## What to work on:
Both the line with "line L24 (25.1926, 4.7752)" and the line with "line L35 (33.3248, 38.1) -> (38.1, 38.1)" in the records below must appear in the output, along with every line between them, exactly and with nothing added.
Record excerpts START
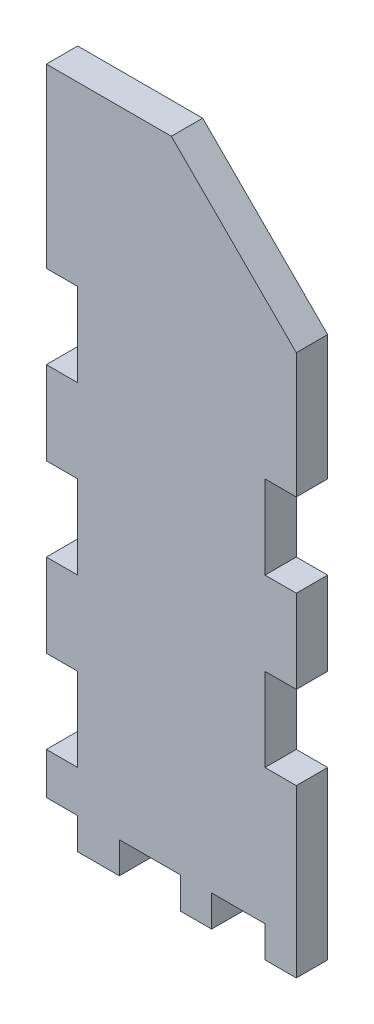
SolidWorks part; units mm, degrees
ref_plane "Front Plane" through (0, 0, 0) normal (0, 0, 1) x (1, 0, 0)
ref_plane "Top Plane" through (0, 0, 0) normal (0, 1, 0) x (1, 0, 0)
ref_plane "Right Plane" through (0, 0, 0) normal (1, 0, 0) x (0, 0, -1)
sketch "Sketch2" plane through (0, 0, 0) normal (0, 0, 1) x (1, 0, 0)
  line L0 (0, 0) -> (38.1, 0)
  line L1 (0, 0) -> (0, 101.6)
  line L2 (0, 101.6) -> (19.05, 101.6)
  line L3 (19.05, 101.6) -> (38.1, 82.55)
  line L4 (38.1, 82.55) -> (38.1, 0)
  dimension "D1" = 101.6
  dimension "D2" = 38.1
  dimension "D3" = 19.05
  dimension "D4" = 82.55
extrude "Boss-Extrude1" add sketch "Sketch2" along normal blind 4.7752
sketch "Sketch3" plane through (0, 0, 4.7752) normal (0, 0, 1) x (1, 0, 0)
  line L0 (0, 0) -> (0, 4.7752) construction
  line L1 (0, 101.6) -> (0, 0) construction
  line L2 (0, 4.7752) -> (38.1, 4.7752) construction
  line L3 (38.1, 0) -> (38.1, 82.55) construction
  line L4 (0, 0) -> (4.7752, 0) construction
  line L5 (0, 0) -> (38.1, 0) construction
  line L6 (11.1252, 0) -> (20.4174, 0)
  line L7 (4.7752, 0) -> (11.1252, 0)
  line L8 (4.7752, 0) -> (4.7752, 4.7752)
  line L9 (4.7752, 4.7752) -> (11.1252, 4.7752)
  line L10 (11.1252, 0) -> (11.1252, 4.7752)
  line L12 (20.4174, 0) -> (25.1926, 0)
  line L13 (20.4174, 0) -> (20.4174, 4.7752)
  line L14 (20.4174, 4.7752) -> (25.1926, 4.7752)
  line L15 (25.1926, 0) -> (25.1926, 4.7752)
  line L16 (38.1, 0) -> (33.3248, 0)
  line L17 (38.1, 0) -> (38.1, 4.7752)
  line L18 (38.1, 4.7752) -> (33.3248, 4.7752)
  line L19 (33.3248, 0) -> (33.3248, 4.7752)
  line L20 (11.1252, 4.7752) -> (20.4174, 4.7752)
  line L21 (11.1252, 4.7752) -> (11.1252, 0)
  line L22 (11.1252, 0) -> (20.4174, 0)
  line L23 (20.4174, 4.7752) -> (20.4174, 0)
  line L24 (25.1926, 4.7752) -> (33.3248, 4.7752)
  line L25 (25.1926, 4.7752) -> (25.1926, 0)
  line L26 (25.1926, 0) -> (33.3248, 0)
  line L27 (33.3248, 4.7752) -> (33.3248, 0)
  line L28 (0, 4.7752) -> (4.7752, 4.7752)
  line L29 (0, 4.7752) -> (0, 0)
  line L30 (0, 0) -> (4.7752, 0)
  line L31 (4.7752, 4.7752) -> (4.7752, 0)
  line M2 (0, 101.6) -> (0, 0)
  line M3 (0, 0) -> (38.1, 0)
  dimension "D1" = 4.7752
  dimension "D2" = 6.35
  dimension "D3" = 4.7752
  dimension "D4" = 4.7752
  dimension "D5" = 4.7752
  dimension "D6" = 8.1322
extrude "Cut-Extrude2" cut sketch "Sketch3" against normal blind 6.35 contours L28 L8 M2 M3 | L20 L10 L13 M3 | L24 L15 L19 M3
sketch "Sketch5" plane through (0, 0, 4.7752) normal (0, 0, 1) x (1, 0, 0)
  line L0 (38.1, 0) -> (38.1, 82.55) construction
  point P2 (38.1, 41.275)
sketch "Sketch6" plane through (0, 0, 4.7752) normal (0, 0, 1) x (1, 0, 0)
  line L0 (0, 101.6) -> (0, 4.7752) construction
  line L5 (4.7752, 11.1252) -> (0, 11.1252)
  line L6 (4.7752, 11.1252) -> (4.7752, 23.8252)
  line L7 (4.7752, 23.8252) -> (0, 23.8252)
  line L8 (0, 11.1252) -> (0, 23.8252)
  line L9 (38.1, 0) -> (38.1, 82.55) construction
  line L14 (4.7752, 36.5252) -> (0, 36.5252)
  line L15 (4.7752, 36.5252) -> (4.7752, 49.2252)
  line L16 (4.7752, 49.2252) -> (0, 49.2252)
  line L17 (0, 36.5252) -> (0, 49.2252)
  line L22 (0, 61.9252) -> (4.7752, 61.9252)
  line L23 (0, 61.9252) -> (0, 74.6252)
  line L24 (0, 74.6252) -> (4.7752, 74.6252)
  line L25 (4.7752, 61.9252) -> (4.7752, 74.6252)
  line L30 (38.1, 63.5) -> (33.3248, 63.5)
  line L31 (38.1, 63.5) -> (38.1, 50.8)
  line L32 (38.1, 50.8) -> (33.3248, 50.8)
  line L33 (33.3248, 63.5) -> (33.3248, 50.8)
  line L35 (33.3248, 38.1) -> (38.1, 38.1)
  line L36 (33.3248, 38.1) -> (33.3248, 25.4)
  line L37 (33.3248, 25.4) -> (38.1, 25.4)
  line L38 (38.1, 38.1) -> (38.1, 25.4)
  line L39 (19.05, 101.6) -> (0, 101.6) construction
  dimension "D1" = 4.7752
  dimension "D2" = 4.7752
  dimension "D3" = 12.7
  dimension "D4" = 12.7
  dimension "D5" = 12.7
  dimension "D6" = 12.7
  dimension "D7" = 12.7
  dimension "D8" = 4.7752
  dimension "D9" = 12.7
  dimension "D10" = 4.7752
  dimension "D11" = 4.7752
  dimension "D12" = 26.9748
extrude "Cut-Extrude3" cut sketch "Sketch6" against normal blind 6.35 contours L23 L22 L25 L24 | L31 L30 L33 L32 | L15 L14 L17 L16 | L36 L35 L38 L37 | L6 L5 L8 L7
Record excerpts END
## Problem solution:
  line L24 (25.1926, 4.7752) -> (33.3248, 4.7752)
  line L25 (25.1926, 4.7752) -> (25.1926, 0)
  line L26 (25.1926, 0) -> (33.3248, 0)
  line L27 (33.3248, 4.7752) -> (33.3248, 0)
  line L28 (0, 4.7752) -> (4.7752, 4.7752)
  line L29 (0, 4.7752) -> (0, 0)
  line L30 (0, 0) -> (4.7752, 0)
  line L31 (4.7752, 4.7752) -> (4.7752, 0)
  line M2 (0, 101.6) -> (0, 0)
  line M3 (0, 0) -> (38.1, 0)
  dimension "D1" = 4.7752
  dimension "D2" = 6.35
  dimension "D3" = 4.7752
  dimension "D4" = 4.7752
  dimension "D5" = 4.7752
  dimension "D6" = 8.1322
extrude "Cut-Extrude2" cut sketch "Sketch3" against normal blind 6.35 contours L28 L8 M2 M3 | L20 L10 L13 M3 | L24 L15 L19 M3
sketch "Sketch5" plane through (0, 0, 4.7752) normal (0, 0, 1) x (1, 0, 0)
  line L0 (38.1, 0) -> (38.1, 82.55) construction
  point P2 (38.1, 41.275)
sketch "Sketch6" plane through (0, 0, 4.7752) normal (0, 0, 1) x (1, 0, 0)
  line L0 (0, 101.6) -> (0, 4.7752) construction
  line L5 (4.7752, 11.1252) -> (0, 11.1252)
  line L6 (4.7752, 11.1252) -> (4.7752, 23.8252)
  line L7 (4.7752, 23.8252) -> (0, 23.8252)
  line L8 (0, 11.1252) -> (0, 23.8252)
  line L9 (38.1, 0) -> (38.1, 82.55) construction
  line L14 (4.7752, 36.5252) -> (0, 36.5252)
  line L15 (4.7752, 36.5252) -> (4.7752, 49.2252)
  line L16 (4.7752, 49.2252) -> (0, 49.2252)
  line L17 (0, 36.5252) -> (0, 49.2252)
  line L22 (0, 61.9252) -> (4.7752, 61.9252)
  line L23 (0, 61.9252) -> (0, 74.6252)
  line L24 (0, 74.6252) -> (4.7752, 74.6252)
  line L25 (4.7752, 61.9252) -> (4.7752, 74.6252)
  line L30 (38.1, 63.5) -> (33.3248, 63.5)
  line L31 (38.1, 63.5) -> (38.1, 50.8)
  line L32 (38.1, 50.8) -> (33.3248, 50.8)
  line L33 (33.3248, 63.5) -> (33.3248, 50.8)
  line L35 (33.3248, 38.1) -> (38.1, 38.1)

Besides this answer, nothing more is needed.